What you can see here is that Nagios did not know that they host was down until about 4 minutes after the host died. In that 4 minutes, the Memory Usage service went into a hard state and triggered the retry_interval to be used for that service, effectively beating the host check to reaching that HARD state and a notification was send.

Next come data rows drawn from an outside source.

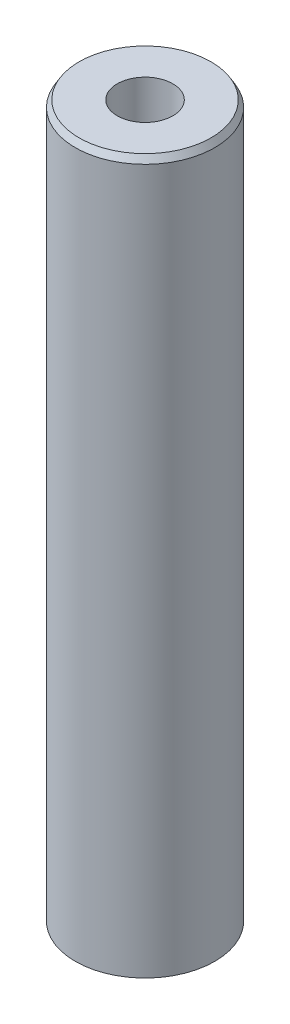
ISO-10303-21;
HEADER;
FILE_DESCRIPTION(('STEP AP214'),'2;1');
FILE_NAME('part.step','',(''),(''),'','','');
FILE_SCHEMA(('AUTOMOTIVE_DESIGN { 1 0 10303 214 1 1 1 1 }'));
ENDSEC;
DATA;
#1=APPLICATION_CONTEXT('core data for automotive mechanical design processes');
#2=APPLICATION_PROTOCOL_DEFINITION('international standard','automotive_design',2000,#1);
#3=PRODUCT_CONTEXT('',#1,'mechanical');
#4=PRODUCT('Part','Part','',(#3));
#5=PRODUCT_RELATED_PRODUCT_CATEGORY('part','',(#4));
#6=PRODUCT_DEFINITION_FORMATION('','',#4);
#7=PRODUCT_DEFINITION_CONTEXT('part definition',#1,'design');
#8=PRODUCT_DEFINITION('design','',#6,#7);
#9=PRODUCT_DEFINITION_SHAPE('','',#8);
#10=(LENGTH_UNIT() NAMED_UNIT(*) SI_UNIT(.MILLI.,.METRE.));
#11=(NAMED_UNIT(*) PLANE_ANGLE_UNIT() SI_UNIT($,.RADIAN.));
#12=(NAMED_UNIT(*) SI_UNIT($,.STERADIAN.) SOLID_ANGLE_UNIT());
#13=UNCERTAINTY_MEASURE_WITH_UNIT(LENGTH_MEASURE(1.E-05),#10,'distance_accuracy_value','');
#14=(GEOMETRIC_REPRESENTATION_CONTEXT(3) GLOBAL_UNCERTAINTY_ASSIGNED_CONTEXT((#13)) GLOBAL_UNIT_ASSIGNED_CONTEXT((#10,
#11,#12)) REPRESENTATION_CONTEXT('',''));
#15=CARTESIAN_POINT('',(0.,0.,0.));
#16=DIRECTION('',(0.,0.,1.));
#17=DIRECTION('',(1.,0.,0.));
#18=AXIS2_PLACEMENT_3D('',#15,#16,#17);
#19=CARTESIAN_POINT('',(0.,358.756242064217,0.));
#20=DIRECTION('',(0.,-1.,0.));
#21=DIRECTION('',(0.,0.,-1.));
#22=AXIS2_PLACEMENT_3D('',#19,#20,#21);
#23=CYLINDRICAL_SURFACE('',#22,35.);
#24=CARTESIAN_POINT('',(0.,355.456196695833,0.));
#25=DIRECTION('',(0.,1.,0.));
#26=DIRECTION('',(0.,0.,1.));
#27=AXIS2_PLACEMENT_3D('',#24,#25,#26);
#28=CIRCLE('',#27,35.);
#29=CARTESIAN_POINT('',(0.,355.456196695833,-35.));
#30=VERTEX_POINT('',#29);
#31=EDGE_CURVE('E50',#30,#30,#28,.F.);
#32=ORIENTED_EDGE('',*,*,#31,.T.);
#33=EDGE_LOOP('',(#32));
#34=FACE_BOUND('',#33,.T.);
#35=CARTESIAN_POINT('',(0.,1.90528208177398,0.));
#36=DIRECTION('',(0.,1.,0.));
#37=DIRECTION('',(0.,0.,1.));
#38=AXIS2_PLACEMENT_3D('',#35,#36,#37);
#39=CIRCLE('',#38,35.);
#40=CARTESIAN_POINT('',(0.,1.90528208177398,35.));
#41=VERTEX_POINT('',#40);
#42=EDGE_CURVE('E51',#41,#41,#39,.T.);
#43=ORIENTED_EDGE('',*,*,#42,.T.);
#44=EDGE_LOOP('',(#43));
#45=FACE_BOUND('',#44,.T.);
#46=ADVANCED_FACE('F39',(#34,#45),#23,.T.);
#47=CARTESIAN_POINT('',(0.,358.756242064217,0.));
#48=DIRECTION('',(0.,1.,0.));
#49=DIRECTION('',(0.,0.,1.));
#50=AXIS2_PLACEMENT_3D('',#47,#48,#49);
#51=PLANE('',#50);
#52=CARTESIAN_POINT('',(0.,358.756242064217,0.));
#53=DIRECTION('',(0.,1.,0.));
#54=DIRECTION('',(0.,0.,1.));
#55=AXIS2_PLACEMENT_3D('',#52,#53,#54);
#56=CIRCLE('',#55,33.094717918226);
#57=CARTESIAN_POINT('',(0.,358.756242064217,-33.0947179182261));
#58=VERTEX_POINT('',#57);
#59=EDGE_CURVE('E54',#58,#58,#56,.T.);
#60=ORIENTED_EDGE('',*,*,#59,.T.);
#61=EDGE_LOOP('',(#60));
#62=FACE_BOUND('',#61,.T.);
#63=CARTESIAN_POINT('',(0.,358.756242064217,0.));
#64=DIRECTION('',(0.,1.,0.));
#65=DIRECTION('',(0.,0.,1.));
#66=AXIS2_PLACEMENT_3D('',#63,#64,#65);
#67=CIRCLE('',#66,13.9432514472612);
#68=CARTESIAN_POINT('',(0.,358.756242064217,13.9432514472612));
#69=VERTEX_POINT('',#68);
#70=EDGE_CURVE('E58',#69,#69,#67,.T.);
#71=ORIENTED_EDGE('',*,*,#70,.F.);
#72=EDGE_LOOP('',(#71));
#73=FACE_BOUND('',#72,.T.);
#74=ADVANCED_FACE('F69',(#62,#73),#51,.T.);
#75=CARTESIAN_POINT('',(0.,0.,0.));
#76=DIRECTION('',(0.,1.,0.));
#77=DIRECTION('',(0.,0.,1.));
#78=AXIS2_PLACEMENT_3D('',#75,#76,#77);
#79=PLANE('',#78);
#80=CARTESIAN_POINT('',(0.,0.,0.));
#81=DIRECTION('',(0.,1.,0.));
#82=DIRECTION('',(0.,0.,1.));
#83=AXIS2_PLACEMENT_3D('',#80,#81,#82);
#84=CIRCLE('',#83,31.6999546316168);
#85=CARTESIAN_POINT('',(0.,0.,31.6999546316168));
#86=VERTEX_POINT('',#85);
#87=EDGE_CURVE('E10',#86,#86,#84,.F.);
#88=ORIENTED_EDGE('',*,*,#87,.T.);
#89=EDGE_LOOP('',(#88));
#90=FACE_BOUND('',#89,.T.);
#91=CARTESIAN_POINT('',(0.,0.,0.));
#92=DIRECTION('',(0.,1.,0.));
#93=DIRECTION('',(0.,0.,1.));
#94=AXIS2_PLACEMENT_3D('',#91,#92,#93);
#95=CIRCLE('',#94,13.9432514472612);
#96=CARTESIAN_POINT('',(0.,0.,13.9432514472612));
#97=VERTEX_POINT('',#96);
#98=EDGE_CURVE('E63',#97,#97,#95,.T.);
#99=ORIENTED_EDGE('',*,*,#98,.T.);
#100=EDGE_LOOP('',(#99));
#101=FACE_BOUND('',#100,.T.);
#102=ADVANCED_FACE('F75',(#90,#101),#79,.F.);
#103=CARTESIAN_POINT('',(0.,358.756242064217,0.));
#104=DIRECTION('',(0.,-1.,0.));
#105=DIRECTION('',(0.,0.,-1.));
#106=AXIS2_PLACEMENT_3D('',#103,#104,#105);
#107=CYLINDRICAL_SURFACE('',#106,13.9432514472612);
#108=ORIENTED_EDGE('',*,*,#70,.T.);
#109=EDGE_LOOP('',(#108));
#110=FACE_BOUND('',#109,.T.);
#111=ORIENTED_EDGE('',*,*,#98,.F.);
#112=EDGE_LOOP('',(#111));
#113=FACE_BOUND('',#112,.T.);
#114=ADVANCED_FACE('F70',(#110,#113),#107,.F.);
#115=CARTESIAN_POINT('',(0.,358.756242064217,0.));
#116=DIRECTION('',(0.,-1.,0.));
#117=DIRECTION('',(0.,0.,-1.));
#118=AXIS2_PLACEMENT_3D('',#115,#116,#117);
#119=CONICAL_SURFACE('',#118,33.094717918226,0.523598775598288);
#120=CARTESIAN_POINT('',(0.,355.456196695833,-35.));
#121=CARTESIAN_POINT('',(0.,355.490572168421,-34.9801533116482));
#122=CARTESIAN_POINT('',(0.,355.524947641008,-34.9603066232964));
#123=CARTESIAN_POINT('',(0.,355.593698586183,-34.9206132465928));
#124=CARTESIAN_POINT('',(0.,355.62807405877,-34.900766558241));
#125=CARTESIAN_POINT('',(0.,355.696825003945,-34.8610731815373));
#126=CARTESIAN_POINT('',(0.,355.731200476532,-34.8412264931855));
#127=CARTESIAN_POINT('',(0.,355.799951421707,-34.8015331164819));
#128=CARTESIAN_POINT('',(0.,355.834326894294,-34.7816864281301));
#129=CARTESIAN_POINT('',(0.,355.903077839469,-34.7419930514265));
#130=CARTESIAN_POINT('',(0.,355.937453312056,-34.7221463630747));
#131=CARTESIAN_POINT('',(0.,356.006204257231,-34.682452986371));
#132=CARTESIAN_POINT('',(0.,356.040579729818,-34.6626062980192));
#133=CARTESIAN_POINT('',(0.,356.109330674993,-34.6229129213156));
#134=CARTESIAN_POINT('',(0.,356.14370614758,-34.6030662329638));
#135=CARTESIAN_POINT('',(0.,356.212457092755,-34.5633728562602));
#136=CARTESIAN_POINT('',(0.,356.246832565342,-34.5435261679084));
#137=CARTESIAN_POINT('',(0.,356.315583510516,-34.5038327912047));
#138=CARTESIAN_POINT('',(0.,356.349958983104,-34.4839861028529));
#139=CARTESIAN_POINT('',(0.,356.418709928278,-34.4442927261493));
#140=CARTESIAN_POINT('',(0.,356.453085400866,-34.4244460377975));
#141=CARTESIAN_POINT('',(0.,356.52183634604,-34.3847526610938));
#142=CARTESIAN_POINT('',(0.,356.556211818628,-34.364905972742));
#143=CARTESIAN_POINT('',(0.,356.624962763802,-34.3252125960384));
#144=CARTESIAN_POINT('',(0.,356.65933823639,-34.3053659076866));
#145=CARTESIAN_POINT('',(0.,356.728089181564,-34.265672530983));
#146=CARTESIAN_POINT('',(0.,356.762464654152,-34.2458258426312));
#147=CARTESIAN_POINT('',(0.,356.831215599326,-34.2061324659275));
#148=CARTESIAN_POINT('',(0.,356.865591071914,-34.1862857775757));
#149=CARTESIAN_POINT('',(0.,356.934342017088,-34.1465924008721));
#150=CARTESIAN_POINT('',(0.,356.968717489676,-34.1267457125203));
#151=CARTESIAN_POINT('',(0.,357.03746843485,-34.0870523358167));
#152=CARTESIAN_POINT('',(0.,357.071843907438,-34.0672056474649));
#153=CARTESIAN_POINT('',(0.,357.140594852612,-34.0275122707612));
#154=CARTESIAN_POINT('',(0.,357.1749703252,-34.0076655824094));
#155=CARTESIAN_POINT('',(0.,357.243721270374,-33.9679722057058));
#156=CARTESIAN_POINT('',(0.,357.278096742962,-33.948125517354));
#157=CARTESIAN_POINT('',(0.,357.346847688136,-33.9084321406504));
#158=CARTESIAN_POINT('',(0.,357.381223160724,-33.8885854522985));
#159=CARTESIAN_POINT('',(0.,357.449974105898,-33.8488920755949));
#160=CARTESIAN_POINT('',(0.,357.484349578486,-33.8290453872431));
#161=CARTESIAN_POINT('',(0.,357.55310052366,-33.7893520105395));
#162=CARTESIAN_POINT('',(0.,357.587475996248,-33.7695053221877));
#163=CARTESIAN_POINT('',(0.,357.656226941422,-33.7298119454841));
#164=CARTESIAN_POINT('',(0.,357.690602414009,-33.7099652571322));
#165=CARTESIAN_POINT('',(0.,357.759353359184,-33.6702718804286));
#166=CARTESIAN_POINT('',(0.,357.793728831771,-33.6504251920768));
#167=CARTESIAN_POINT('',(0.,357.862479776946,-33.6107318153732));
#168=CARTESIAN_POINT('',(0.,357.896855249533,-33.5908851270214));
#169=CARTESIAN_POINT('',(0.,357.965606194708,-33.5511917503177));
#170=CARTESIAN_POINT('',(0.,357.999981667295,-33.5313450619659));
#171=CARTESIAN_POINT('',(0.,358.06873261247,-33.4916516852623));
#172=CARTESIAN_POINT('',(0.,358.103108085057,-33.4718049969105));
#173=CARTESIAN_POINT('',(0.,358.171859030232,-33.4321116202069));
#174=CARTESIAN_POINT('',(0.,358.206234502819,-33.4122649318551));
#175=CARTESIAN_POINT('',(0.,358.274985447994,-33.3725715551514));
#176=CARTESIAN_POINT('',(0.,358.309360920581,-33.3527248667996));
#177=CARTESIAN_POINT('',(0.,358.378111865756,-33.313031490096));
#178=CARTESIAN_POINT('',(0.,358.412487338343,-33.2931848017442));
#179=CARTESIAN_POINT('',(0.,358.481238283518,-33.2534914250406));
#180=CARTESIAN_POINT('',(0.,358.515613756105,-33.2336447366887));
#181=CARTESIAN_POINT('',(0.,358.58436470128,-33.1939513599851));
#182=CARTESIAN_POINT('',(0.,358.618740173867,-33.1741046716333));
#183=CARTESIAN_POINT('',(0.,358.687491119042,-33.1344112949297));
#184=CARTESIAN_POINT('',(0.,358.721866591629,-33.1145646065779));
#185=CARTESIAN_POINT('',(0.,358.756242064217,-33.0947179182261));
#186=B_SPLINE_CURVE_WITH_KNOTS('',3,(#120,#121,#122,#123,#124,#125,#126,#127,#128,#129,#130,
#131,#132,#133,#134,#135,#136,#137,#138,#139,#140,#141,#142,#143,#144,#145,#146,#147,#148,#149,
#150,#151,#152,#153,#154,#155,#156,#157,#158,#159,#160,#161,#162,#163,#164,#165,#166,#167,#168,
#169,#170,#171,#172,#173,#174,#175,#176,#177,#178,#179,#180,#181,#182,#183,#184,#185),
.UNSPECIFIED.,.F.,.F.,(4,2,2,2,2,2,2,2,2,2,2,2,2,2,2,2,2,2,2,2,2,2,2,2,2,2,2,2,2,2,2,2,4),(0.,
0.119080130110898,0.238160260221792,0.357240390332642,0.47632052044354,0.595400650554389,
0.714480780665287,0.833560910776137,0.952641040887035,1.07172117099788,1.19080130110878,
1.30988143121963,1.42896156133053,1.54804169144138,1.66712182155227,1.78620195166312,
1.90528208177402,2.02436221188492,2.14344234199577,2.26252247210667,2.38160260221752,
2.50068273232841,2.61976286243926,2.73884299255016,2.85792312266101,2.97700325277191,
3.09608338288276,3.21516351299365,3.3342436431045,3.4533237732154,3.57240390332625,
3.69148403343715,3.81056416354805),.UNSPECIFIED.);
#187=EDGE_CURVE('BSEAM81',#30,#58,#186,.T.);
#188=ORIENTED_EDGE('',*,*,#31,.F.);
#189=ORIENTED_EDGE('',*,*,#59,.F.);
#190=ORIENTED_EDGE('',*,*,#187,.T.);
#191=ORIENTED_EDGE('',*,*,#187,.F.);
#192=EDGE_LOOP('',(#188,#190,#189,#191));
#193=FACE_BOUND('',#192,.T.);
#194=ADVANCED_FACE('F81',(#193),#119,.T.);
#195=CARTESIAN_POINT('',(0.,1.90528208177398,0.));
#196=DIRECTION('',(0.,1.,0.));
#197=DIRECTION('',(0.,0.,1.));
#198=AXIS2_PLACEMENT_3D('',#195,#196,#197);
#199=CONICAL_SURFACE('',#198,35.,1.0471975511966);
#200=ORIENTED_EDGE('',*,*,#87,.F.);
#201=EDGE_LOOP('',(#200));
#202=FACE_BOUND('',#201,.T.);
#203=ORIENTED_EDGE('',*,*,#42,.F.);
#204=EDGE_LOOP('',(#203));
#205=FACE_BOUND('',#204,.T.);
#206=ADVANCED_FACE('F45',(#202,#205),#199,.T.);
#207=CLOSED_SHELL('',(#46,#74,#102,#114,#194,#206));
#208=MANIFOLD_SOLID_BREP('B2',#207);
#209=ADVANCED_BREP_SHAPE_REPRESENTATION('',(#18,#208),#14);
#210=SHAPE_DEFINITION_REPRESENTATION(#9,#209);
ENDSEC;
END-ISO-10303-21;
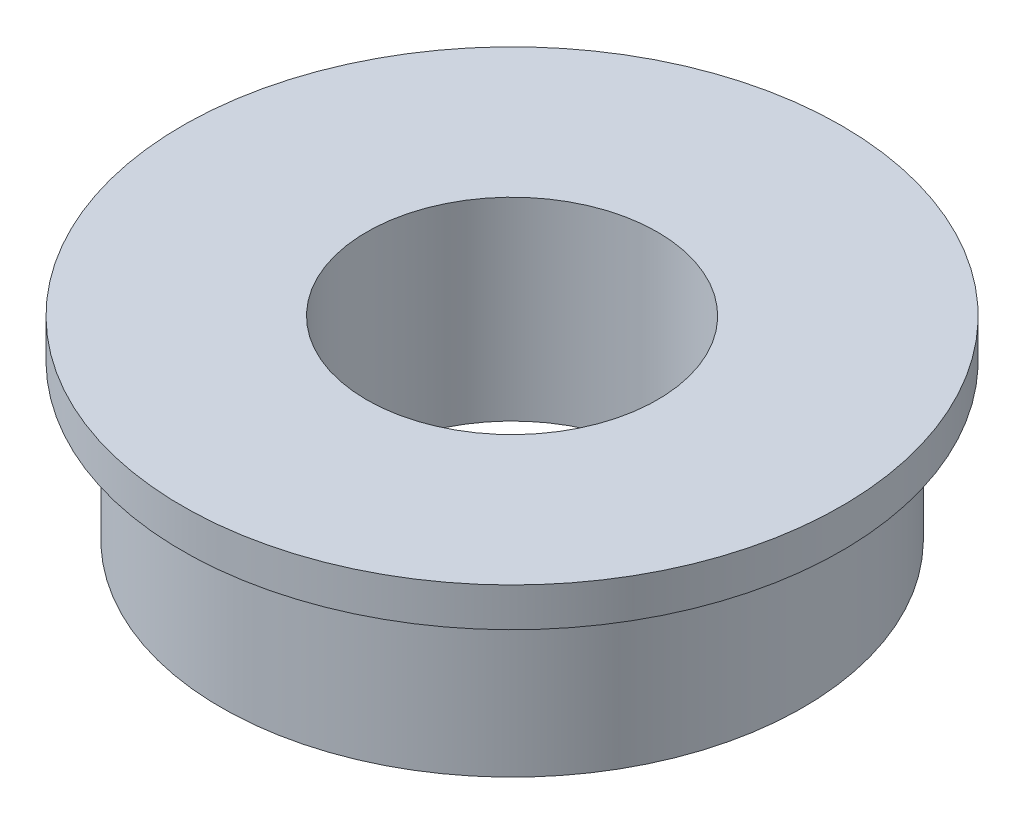
ISO-10303-21;
HEADER;
FILE_DESCRIPTION(('STEP AP214'),'2;1');
FILE_NAME('part.step','',(''),(''),'','','');
FILE_SCHEMA(('AUTOMOTIVE_DESIGN { 1 0 10303 214 1 1 1 1 }'));
ENDSEC;
DATA;
#1=APPLICATION_CONTEXT('core data for automotive mechanical design processes');
#2=APPLICATION_PROTOCOL_DEFINITION('international standard','automotive_design',2000,#1);
#3=PRODUCT_CONTEXT('',#1,'mechanical');
#4=PRODUCT('Part','Part','',(#3));
#5=PRODUCT_RELATED_PRODUCT_CATEGORY('part','',(#4));
#6=PRODUCT_DEFINITION_FORMATION('','',#4);
#7=PRODUCT_DEFINITION_CONTEXT('part definition',#1,'design');
#8=PRODUCT_DEFINITION('design','',#6,#7);
#9=PRODUCT_DEFINITION_SHAPE('','',#8);
#10=(LENGTH_UNIT() NAMED_UNIT(*) SI_UNIT(.MILLI.,.METRE.));
#11=(NAMED_UNIT(*) PLANE_ANGLE_UNIT() SI_UNIT($,.RADIAN.));
#12=(NAMED_UNIT(*) SI_UNIT($,.STERADIAN.) SOLID_ANGLE_UNIT());
#13=UNCERTAINTY_MEASURE_WITH_UNIT(LENGTH_MEASURE(1.E-05),#10,'distance_accuracy_value','');
#14=(GEOMETRIC_REPRESENTATION_CONTEXT(3) GLOBAL_UNCERTAINTY_ASSIGNED_CONTEXT((#13)) GLOBAL_UNIT_ASSIGNED_CONTEXT((#10,
#11,#12)) REPRESENTATION_CONTEXT('',''));
#15=CARTESIAN_POINT('',(0.,0.,0.));
#16=DIRECTION('',(0.,0.,1.));
#17=DIRECTION('',(1.,0.,0.));
#18=AXIS2_PLACEMENT_3D('',#15,#16,#17);
#19=CARTESIAN_POINT('',(6.,3.2,0.));
#20=DIRECTION('',(0.,-1.,0.));
#21=DIRECTION('',(0.,0.,-1.));
#22=AXIS2_PLACEMENT_3D('',#19,#20,#21);
#23=PLANE('',#22);
#24=CARTESIAN_POINT('',(0.,3.2,0.));
#25=DIRECTION('',(0.,-1.,0.));
#26=DIRECTION('',(0.,0.,-1.));
#27=AXIS2_PLACEMENT_3D('',#24,#25,#26);
#28=CIRCLE('',#27,6.8);
#29=CARTESIAN_POINT('',(0.,3.2,-6.8));
#30=VERTEX_POINT('',#29);
#31=EDGE_CURVE('E51',#30,#30,#28,.T.);
#32=ORIENTED_EDGE('',*,*,#31,.T.);
#33=EDGE_LOOP('',(#32));
#34=FACE_BOUND('',#33,.T.);
#35=CARTESIAN_POINT('',(0.,3.2,0.));
#36=DIRECTION('',(0.,-1.,0.));
#37=DIRECTION('',(0.,0.,-1.));
#38=AXIS2_PLACEMENT_3D('',#35,#36,#37);
#39=CIRCLE('',#38,6.);
#40=CARTESIAN_POINT('',(0.,3.2,-6.));
#41=VERTEX_POINT('',#40);
#42=EDGE_CURVE('E10',#41,#41,#39,.T.);
#43=ORIENTED_EDGE('',*,*,#42,.F.);
#44=EDGE_LOOP('',(#43));
#45=FACE_BOUND('',#44,.T.);
#46=ADVANCED_FACE('F29',(#34,#45),#23,.T.);
#47=CARTESIAN_POINT('',(0.,0.,0.));
#48=DIRECTION('',(0.,-1.,0.));
#49=DIRECTION('',(0.,0.,-1.));
#50=AXIS2_PLACEMENT_3D('',#47,#48,#49);
#51=CYLINDRICAL_SURFACE('',#50,6.);
#52=ORIENTED_EDGE('',*,*,#42,.T.);
#53=EDGE_LOOP('',(#52));
#54=FACE_BOUND('',#53,.T.);
#55=CARTESIAN_POINT('',(0.,0.,0.));
#56=DIRECTION('',(0.,-1.,0.));
#57=DIRECTION('',(0.,0.,-1.));
#58=AXIS2_PLACEMENT_3D('',#55,#56,#57);
#59=CIRCLE('',#58,6.);
#60=CARTESIAN_POINT('',(0.,0.,-6.));
#61=VERTEX_POINT('',#60);
#62=EDGE_CURVE('E35',#61,#61,#59,.T.);
#63=ORIENTED_EDGE('',*,*,#62,.F.);
#64=EDGE_LOOP('',(#63));
#65=FACE_BOUND('',#64,.T.);
#66=ADVANCED_FACE('F69',(#54,#65),#51,.T.);
#67=CARTESIAN_POINT('',(3.,0.,0.));
#68=DIRECTION('',(0.,-1.,0.));
#69=DIRECTION('',(0.,0.,-1.));
#70=AXIS2_PLACEMENT_3D('',#67,#68,#69);
#71=PLANE('',#70);
#72=ORIENTED_EDGE('',*,*,#62,.T.);
#73=EDGE_LOOP('',(#72));
#74=FACE_BOUND('',#73,.T.);
#75=CARTESIAN_POINT('',(0.,0.,0.));
#76=DIRECTION('',(0.,-1.,0.));
#77=DIRECTION('',(0.,0.,-1.));
#78=AXIS2_PLACEMENT_3D('',#75,#76,#77);
#79=CIRCLE('',#78,3.);
#80=CARTESIAN_POINT('',(0.,0.,-3.));
#81=VERTEX_POINT('',#80);
#82=EDGE_CURVE('E39',#81,#81,#79,.T.);
#83=ORIENTED_EDGE('',*,*,#82,.F.);
#84=EDGE_LOOP('',(#83));
#85=FACE_BOUND('',#84,.T.);
#86=ADVANCED_FACE('F73',(#74,#85),#71,.T.);
#87=CARTESIAN_POINT('',(0.,0.,0.));
#88=DIRECTION('',(0.,-1.,0.));
#89=DIRECTION('',(0.,0.,-1.));
#90=AXIS2_PLACEMENT_3D('',#87,#88,#89);
#91=CYLINDRICAL_SURFACE('',#90,3.);
#92=ORIENTED_EDGE('',*,*,#82,.T.);
#93=EDGE_LOOP('',(#92));
#94=FACE_BOUND('',#93,.T.);
#95=CARTESIAN_POINT('',(0.,4.,0.));
#96=DIRECTION('',(0.,-1.,0.));
#97=DIRECTION('',(0.,0.,-1.));
#98=AXIS2_PLACEMENT_3D('',#95,#96,#97);
#99=CIRCLE('',#98,3.);
#100=CARTESIAN_POINT('',(0.,4.,-3.));
#101=VERTEX_POINT('',#100);
#102=EDGE_CURVE('E43',#101,#101,#99,.T.);
#103=ORIENTED_EDGE('',*,*,#102,.F.);
#104=EDGE_LOOP('',(#103));
#105=FACE_BOUND('',#104,.T.);
#106=ADVANCED_FACE('F65',(#94,#105),#91,.F.);
#107=CARTESIAN_POINT('',(3.,4.,0.));
#108=DIRECTION('',(0.,1.,0.));
#109=DIRECTION('',(0.,0.,1.));
#110=AXIS2_PLACEMENT_3D('',#107,#108,#109);
#111=PLANE('',#110);
#112=ORIENTED_EDGE('',*,*,#102,.T.);
#113=EDGE_LOOP('',(#112));
#114=FACE_BOUND('',#113,.T.);
#115=CARTESIAN_POINT('',(0.,4.,0.));
#116=DIRECTION('',(0.,-1.,0.));
#117=DIRECTION('',(0.,0.,-1.));
#118=AXIS2_PLACEMENT_3D('',#115,#116,#117);
#119=CIRCLE('',#118,6.8);
#120=CARTESIAN_POINT('',(0.,4.,-6.8));
#121=VERTEX_POINT('',#120);
#122=EDGE_CURVE('E48',#121,#121,#119,.T.);
#123=ORIENTED_EDGE('',*,*,#122,.F.);
#124=EDGE_LOOP('',(#123));
#125=FACE_BOUND('',#124,.T.);
#126=ADVANCED_FACE('F59',(#114,#125),#111,.T.);
#127=CARTESIAN_POINT('',(0.,0.,0.));
#128=DIRECTION('',(0.,-1.,0.));
#129=DIRECTION('',(0.,0.,-1.));
#130=AXIS2_PLACEMENT_3D('',#127,#128,#129);
#131=CYLINDRICAL_SURFACE('',#130,6.8);
#132=ORIENTED_EDGE('',*,*,#122,.T.);
#133=EDGE_LOOP('',(#132));
#134=FACE_BOUND('',#133,.T.);
#135=ORIENTED_EDGE('',*,*,#31,.F.);
#136=EDGE_LOOP('',(#135));
#137=FACE_BOUND('',#136,.T.);
#138=ADVANCED_FACE('F57',(#134,#137),#131,.T.);
#139=CLOSED_SHELL('',(#46,#66,#86,#106,#126,#138));
#140=MANIFOLD_SOLID_BREP('B2',#139);
#141=ADVANCED_BREP_SHAPE_REPRESENTATION('',(#18,#140),#14);
#142=SHAPE_DEFINITION_REPRESENTATION(#9,#141);
ENDSEC;
END-ISO-10303-21;

Now let's look at a revised example with different check settings for host and service:

define host{
    use windows-server    
    host_name host1

    alias host1

    address 10.25.14.51
    check_interval 2
   
retry_interval 1
    max_check_attempts 2

        notification_interval 30
    }

define service{
    use local-service
    host_name host1
    service_description Memory Usage
    check_command check_nrpe!CheckMem!ShowAll type=physical MinWarn=512M MinCrit=256M
    check_interval 5
   
retry_interval 1
    max_check_attempts 5

    notification_interval 30
   
}


Here is a scenario based on this configuration:

  • 13:10:10
    • Nagios HOST check for host1 executed
    • Result = OK
    • HARD state
    • Attempt 1/2
    • Next scheduled check 13:12:10
  • 13:10:30
    • host1 dies
    • Nagios does not know about this yet
  • 13:10:50
    • Nagios SERVICE check Memory Usage for host1 executed
    • Check timed out after 30 seconds as host is down
    • Result = CRITICAL
    • SOFT state
    • Attempt 1/5
    • No notification sent
    • Next scheduled check 13:12:20
  • 13:12:10
    • Nagios HOST check for host1 executed
    • Check timed out as host is down
    • Result = CRITICAL
    • SOFT state
    • Attempt 1/2
    • No notification sent
    • Next scheduled check 13:13:10
  • 13:12:20
    • Nagios SERVICE check Memory Usage for host1 executed
    • Check timed out after 30 seconds as host is down
    • Result = CRITICAL
    • SOFT state
    • Attempt 2/5
    • No notification sent
    • Next scheduled check 13:13:50
  • 13:13:10
    • Nagios HOST check for host1 executed
    • Check timed out as host is down
    • Result = CRITICAL
    • HARD state
    • Attempt 2/2
    • Notification SENT 
    • SERVICE notifications for host1 suppressed as host1 is in a HARD down state
    • Next scheduled check 13:15:10
    • Next notification 13:43:10
  • 13:13:50
    • Nagios SERVICE check Memory Usage for host1 executed
    • Check timed out after 30 seconds as host is down
    • Result = CRITICAL
    • SOFT state
    • Attempt 3/5
    • No notification sent
    • Next scheduled check 13:15:20
  • 13:15:10
    • Nagios HOST check for host1 executed
    • Check timed out as host is down
    • Result = CRITICAL
    • HARD state
    • Attempt 2/2
    • No Notification send as the Next notification is at 13:43:10
    • Next scheduled check 13:17:10
  • 13:15:20
    • Nagios SERVICE check Memory Usage for host1 executed
    • Check timed out after 30 seconds as host is down
    • Result = CRITICAL
    • SOFT state
    • Attempt 4/5
    • No notification sent
    • Next scheduled check 13:16:50
  • 13:16:50
    • Nagios SERVICE check Memory Usage for host1 executed
    • Check timed out after 30 seconds as host is down
    • Result = CRITICAL
    • HARD state
    • Attempt 5/5
    • NO Notification sent as host1 is in a HARD down state
    • Next scheduled check 13:22:20
In this example you can see Nagios identified that host1 was down (HARD non-OK state) BEFORE the Memory Usage service reached a HARD non-OK state, because of this the service notifications were suppressed.